Sancionada em 2015, a Lei do Feminicídio alterou o Código Penal ao estabelecer como homicídio qualificado o assassinato de uma mulher por sua condição de gênero, cuja pena pode chegar a 30 anos de reclusão. Apesar da legislação representar um importante avanço no combate à violência contra a mulher no Brasil, ela não representou uma redução desses casos. Dados recentes do Mapa da Violência de Gênero, elaborado pelo Observatório da Mulher Contra a Violência, mostram que os registros de feminicídio seguem em crescimento no Brasil — cenário que evidencia a persistência do machismo e a naturalização da violência.

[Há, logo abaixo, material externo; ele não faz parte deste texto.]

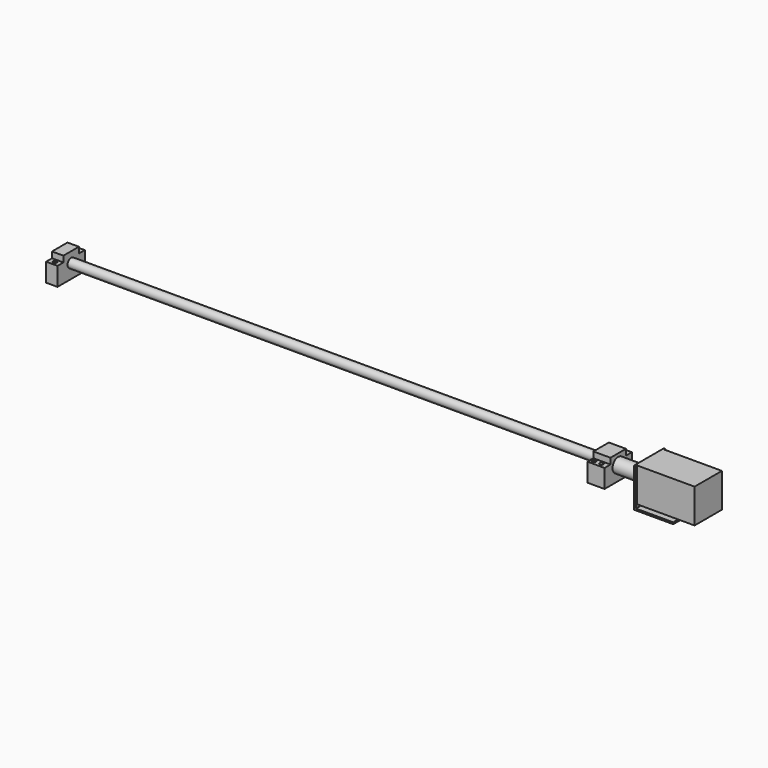
from build123d import *

# Parameters (mm, degrees)
F0_R      = 8
F1_DEPTH  = 980
F3_DEPTH  = 30
F5_DEPTH  = 20
F6_R      = 12.5
F7_DEPTH  = 57
F8_R      = 3.3
F9_DEPTH  = 43.001
F10_W     = 60
F10_H     = 60
F11_DEPTH = 101
F13_DEPTH = 32.5


# Not quite as in the source:
# - a feature names something its author has since deleted; it is built from what else it names


with BuildPart() as f1:
    # F0 (on Right) → F1 (new body)
    with BuildSketch(Plane.YZ):
        Circle(F0_R)
    extrude(amount=F1_DEPTH)

    # F2 (on face) → F3 (join)
    with BuildSketch(Plane.YZ.offset(980)):
        Polygon((30, 7.5), (17, 7.5), (17, 18), (-17, 18), (-17, 7.5), (-30, 7.5), (-30, -25), (30, -25), align=None)
    extrude(amount=-F3_DEPTH)

    # F4 (on face) → F5 (join)
    with BuildSketch(Plane(origin=(0, 0, 0), x_dir=(0, -1, 0), z_dir=(-1, 0, 0))):
        Polygon((17, 7.5), (17, 18), (-17, 18), (-17, 7.5), (-30, 7.5), (-30, -25), (30, -25), (30, 7.5), align=None)
    extrude(amount=-F5_DEPTH)

    # F6 (on face) → F7 (join)
    with BuildSketch(Plane.YZ.offset(980)):
        Circle(F6_R)
    extrude(amount=F7_DEPTH)

    # F8 (on face) → F9 (cut, through all)
    with BuildSketch(Plane.XY.offset(18)):
        with Locations((956, 23)):
            Circle(F8_R)
        with Locations((969, 23)):
            Circle(F8_R)
        with Locations((956, -23)):
            Circle(F8_R)
        with Locations((969, -23)):
            Circle(F8_R)
        with Locations((10, 23)):
            Circle(F8_R)
        with Locations((10, -23)):
            Circle(F8_R)
    extrude(amount=-F9_DEPTH, mode=Mode.SUBTRACT)

    # F10 (on face) → F11 (join)
    with BuildSketch(Plane.YZ.offset(1037)):
        Rectangle(F10_W, F10_H)
    extrude(amount=F11_DEPTH)

    # F12 (on Front) → F13 (join, symmetric)
    with BuildSketch(Plane.XZ):
        Polygon((1037, 30), (1034, 30), (1034, -38.58), (1102.58, -38.58), (1102.58, -35.58), (1037, -35.58), align=None)
    extrude(amount=F13_DEPTH, both=True)


solid = f1.part

Nesse contexto, é importante lembrar de figuras que questionaram a ordem patriarcal e lutaram por uma vida diferente. Esse é o caso de Ângela Diniz, uma mulher da alta sociedade mineira dos anos 1970, que pagou com a própria vida o preço de desafiar o conservadorismo da época. Sua história será contada na nova série original da HBO Max “Ângela Diniz: assassinada e condenada”, baseada no podcast “Praia dos Ossos”, da Rádio Novelo. A produção de seis episódios será estrelada por Marjorie Estiano e estreia nesta quinta-feira.

A série conta a história de libertação de Ângela, que se separou do primeiro marido por não estar feliz no casamento, o engenheiro Milton Villas Boas, com quem teve três filhos. Já morando no Rio de Janeiro, a mulher conhece Doca Street (Emilio Dantas), um empresário com quem teve um breve e conturbado relacionamento. Durante uma viagem para Búzios, onde estavam hospedados na Praia dos Ossos, Ângela decide encerrar o relacionamento após uma discussão. Inconformado, Doca mata a ex-companheira, então com 32 anos, com três tiros no rosto e um na nuca. Apesar de réu confesso, o primeiro julgamento do empresário gerou revolta nos movimentos feministas pois, ao argumentar pela “legítima defesa da honra”, seu advogado conseguiu a suspensão da pena de dois anos de prisão, e Doca deixou o tribunal pela porta da frente.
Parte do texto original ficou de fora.